Wherever the listing has a line with the string "trees", copy that line out.
—————
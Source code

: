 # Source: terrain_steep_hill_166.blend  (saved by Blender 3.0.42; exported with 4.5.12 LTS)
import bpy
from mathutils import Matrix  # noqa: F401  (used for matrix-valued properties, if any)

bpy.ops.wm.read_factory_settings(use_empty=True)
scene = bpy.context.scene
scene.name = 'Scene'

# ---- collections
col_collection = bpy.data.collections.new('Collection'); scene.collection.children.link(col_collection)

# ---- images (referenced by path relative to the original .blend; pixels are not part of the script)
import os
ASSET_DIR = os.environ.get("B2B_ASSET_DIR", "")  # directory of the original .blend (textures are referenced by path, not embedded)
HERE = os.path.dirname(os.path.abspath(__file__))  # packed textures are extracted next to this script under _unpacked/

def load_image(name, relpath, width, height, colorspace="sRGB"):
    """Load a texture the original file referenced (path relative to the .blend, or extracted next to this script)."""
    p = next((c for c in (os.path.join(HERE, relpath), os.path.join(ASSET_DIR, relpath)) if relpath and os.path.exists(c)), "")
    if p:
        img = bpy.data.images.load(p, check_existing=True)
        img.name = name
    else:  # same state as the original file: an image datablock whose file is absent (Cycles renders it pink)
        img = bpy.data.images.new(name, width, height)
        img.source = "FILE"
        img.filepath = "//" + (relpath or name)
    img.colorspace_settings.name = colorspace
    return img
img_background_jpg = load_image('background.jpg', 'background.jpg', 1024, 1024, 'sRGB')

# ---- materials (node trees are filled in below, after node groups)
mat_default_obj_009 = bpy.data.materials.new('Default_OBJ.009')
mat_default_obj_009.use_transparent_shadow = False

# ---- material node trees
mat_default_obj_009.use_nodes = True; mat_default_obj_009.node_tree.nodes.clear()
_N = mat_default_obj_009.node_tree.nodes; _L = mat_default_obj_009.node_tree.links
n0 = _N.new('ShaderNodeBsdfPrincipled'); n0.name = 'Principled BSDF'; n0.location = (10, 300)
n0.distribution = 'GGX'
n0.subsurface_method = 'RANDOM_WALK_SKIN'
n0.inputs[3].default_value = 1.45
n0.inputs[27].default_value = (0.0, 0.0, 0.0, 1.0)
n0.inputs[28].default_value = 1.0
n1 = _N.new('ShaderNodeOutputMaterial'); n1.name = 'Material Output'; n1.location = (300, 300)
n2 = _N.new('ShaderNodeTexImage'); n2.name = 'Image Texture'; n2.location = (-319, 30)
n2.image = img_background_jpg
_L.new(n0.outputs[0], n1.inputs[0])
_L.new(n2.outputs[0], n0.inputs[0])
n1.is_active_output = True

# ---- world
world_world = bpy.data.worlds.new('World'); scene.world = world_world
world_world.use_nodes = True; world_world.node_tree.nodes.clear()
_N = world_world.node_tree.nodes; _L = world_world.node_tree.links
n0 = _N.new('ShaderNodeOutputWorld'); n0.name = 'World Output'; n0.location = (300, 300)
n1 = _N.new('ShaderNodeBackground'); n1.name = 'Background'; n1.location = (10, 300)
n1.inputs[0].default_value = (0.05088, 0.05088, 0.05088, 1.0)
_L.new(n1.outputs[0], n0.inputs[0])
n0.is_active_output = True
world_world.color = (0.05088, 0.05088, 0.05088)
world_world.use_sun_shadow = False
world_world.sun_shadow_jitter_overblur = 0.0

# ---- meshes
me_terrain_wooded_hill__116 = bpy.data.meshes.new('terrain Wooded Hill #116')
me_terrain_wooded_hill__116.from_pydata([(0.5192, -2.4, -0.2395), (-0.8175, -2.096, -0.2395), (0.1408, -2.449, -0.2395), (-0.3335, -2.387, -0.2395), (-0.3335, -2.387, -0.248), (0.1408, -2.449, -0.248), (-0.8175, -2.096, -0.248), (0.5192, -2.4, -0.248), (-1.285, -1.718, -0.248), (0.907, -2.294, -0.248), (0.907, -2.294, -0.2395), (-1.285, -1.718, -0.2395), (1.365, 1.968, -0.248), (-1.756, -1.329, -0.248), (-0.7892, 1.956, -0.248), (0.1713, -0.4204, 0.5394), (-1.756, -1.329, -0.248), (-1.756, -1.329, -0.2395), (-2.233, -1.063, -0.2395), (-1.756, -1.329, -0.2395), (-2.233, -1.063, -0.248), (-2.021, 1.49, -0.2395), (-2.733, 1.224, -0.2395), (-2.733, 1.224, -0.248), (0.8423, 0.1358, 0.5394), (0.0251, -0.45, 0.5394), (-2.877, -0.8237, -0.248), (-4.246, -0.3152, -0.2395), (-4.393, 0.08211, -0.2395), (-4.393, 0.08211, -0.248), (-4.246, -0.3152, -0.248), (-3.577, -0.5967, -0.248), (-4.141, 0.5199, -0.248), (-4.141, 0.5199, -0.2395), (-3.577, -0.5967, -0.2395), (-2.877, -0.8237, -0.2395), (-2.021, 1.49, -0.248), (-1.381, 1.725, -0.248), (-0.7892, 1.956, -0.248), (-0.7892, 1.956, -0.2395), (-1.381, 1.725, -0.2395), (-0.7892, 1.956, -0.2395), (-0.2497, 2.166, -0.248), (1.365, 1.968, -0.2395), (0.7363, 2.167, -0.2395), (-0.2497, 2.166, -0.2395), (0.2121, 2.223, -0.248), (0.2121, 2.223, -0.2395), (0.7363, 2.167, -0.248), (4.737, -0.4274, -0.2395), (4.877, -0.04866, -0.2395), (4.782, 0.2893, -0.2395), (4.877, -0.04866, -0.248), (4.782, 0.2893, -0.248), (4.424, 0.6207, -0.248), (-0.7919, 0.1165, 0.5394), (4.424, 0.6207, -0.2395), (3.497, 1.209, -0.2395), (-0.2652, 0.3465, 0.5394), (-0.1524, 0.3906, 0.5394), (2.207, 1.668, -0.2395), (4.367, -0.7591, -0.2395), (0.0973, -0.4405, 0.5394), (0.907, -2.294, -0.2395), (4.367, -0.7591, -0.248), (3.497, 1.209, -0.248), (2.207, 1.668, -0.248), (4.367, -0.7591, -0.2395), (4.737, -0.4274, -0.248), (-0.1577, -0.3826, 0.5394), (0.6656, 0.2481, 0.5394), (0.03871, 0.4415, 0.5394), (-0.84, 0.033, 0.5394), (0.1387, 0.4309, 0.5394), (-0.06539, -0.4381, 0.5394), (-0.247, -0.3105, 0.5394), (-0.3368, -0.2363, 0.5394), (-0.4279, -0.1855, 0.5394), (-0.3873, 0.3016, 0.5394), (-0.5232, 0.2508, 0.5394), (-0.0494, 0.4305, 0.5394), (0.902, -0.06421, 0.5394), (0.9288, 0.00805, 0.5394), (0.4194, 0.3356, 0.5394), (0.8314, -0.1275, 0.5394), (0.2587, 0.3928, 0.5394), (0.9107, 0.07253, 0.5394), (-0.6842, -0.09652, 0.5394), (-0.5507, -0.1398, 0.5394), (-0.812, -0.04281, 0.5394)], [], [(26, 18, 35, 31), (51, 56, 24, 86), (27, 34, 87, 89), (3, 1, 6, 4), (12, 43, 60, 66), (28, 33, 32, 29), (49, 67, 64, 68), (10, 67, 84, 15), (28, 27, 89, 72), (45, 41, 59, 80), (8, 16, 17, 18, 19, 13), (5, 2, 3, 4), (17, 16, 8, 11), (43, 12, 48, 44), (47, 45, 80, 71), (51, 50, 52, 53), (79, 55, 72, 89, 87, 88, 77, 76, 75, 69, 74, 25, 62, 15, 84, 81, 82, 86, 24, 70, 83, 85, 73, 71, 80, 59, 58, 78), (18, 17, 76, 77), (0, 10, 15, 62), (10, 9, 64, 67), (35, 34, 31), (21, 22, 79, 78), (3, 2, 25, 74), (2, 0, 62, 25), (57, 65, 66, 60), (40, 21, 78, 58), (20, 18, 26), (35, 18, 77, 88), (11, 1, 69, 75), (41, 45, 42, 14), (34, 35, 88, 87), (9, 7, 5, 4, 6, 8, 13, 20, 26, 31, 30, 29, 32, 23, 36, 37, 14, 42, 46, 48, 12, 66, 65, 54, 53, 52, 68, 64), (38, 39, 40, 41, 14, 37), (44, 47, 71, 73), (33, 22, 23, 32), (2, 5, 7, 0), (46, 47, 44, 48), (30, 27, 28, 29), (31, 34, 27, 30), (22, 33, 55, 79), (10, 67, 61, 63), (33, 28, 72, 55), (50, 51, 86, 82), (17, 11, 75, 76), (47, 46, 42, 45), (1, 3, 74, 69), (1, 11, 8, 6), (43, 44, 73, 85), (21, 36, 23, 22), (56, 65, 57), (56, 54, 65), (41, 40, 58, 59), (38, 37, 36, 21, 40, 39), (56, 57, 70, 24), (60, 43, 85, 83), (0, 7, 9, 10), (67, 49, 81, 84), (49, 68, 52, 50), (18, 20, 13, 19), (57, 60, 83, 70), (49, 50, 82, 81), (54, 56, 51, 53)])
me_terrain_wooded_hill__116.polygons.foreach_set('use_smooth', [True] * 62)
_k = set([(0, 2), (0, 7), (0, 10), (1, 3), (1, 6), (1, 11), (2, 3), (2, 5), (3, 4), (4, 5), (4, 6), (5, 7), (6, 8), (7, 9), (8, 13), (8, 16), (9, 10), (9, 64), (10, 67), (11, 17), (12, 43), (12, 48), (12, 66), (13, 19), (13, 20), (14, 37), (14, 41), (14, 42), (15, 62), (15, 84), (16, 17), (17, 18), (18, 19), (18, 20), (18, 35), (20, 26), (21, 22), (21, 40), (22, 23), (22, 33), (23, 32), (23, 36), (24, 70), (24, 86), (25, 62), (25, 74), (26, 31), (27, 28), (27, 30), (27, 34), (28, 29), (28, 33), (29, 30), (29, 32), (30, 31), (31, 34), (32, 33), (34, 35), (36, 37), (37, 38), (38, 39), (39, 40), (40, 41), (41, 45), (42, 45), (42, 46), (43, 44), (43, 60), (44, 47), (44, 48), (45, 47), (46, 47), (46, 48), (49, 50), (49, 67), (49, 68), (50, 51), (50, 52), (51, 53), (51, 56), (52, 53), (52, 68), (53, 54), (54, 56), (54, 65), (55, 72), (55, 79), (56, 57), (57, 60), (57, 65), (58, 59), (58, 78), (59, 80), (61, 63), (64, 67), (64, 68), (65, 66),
—————
**Output of the task:**
# ---- materials (node trees are filled in below, after node groups)
# ---- material node trees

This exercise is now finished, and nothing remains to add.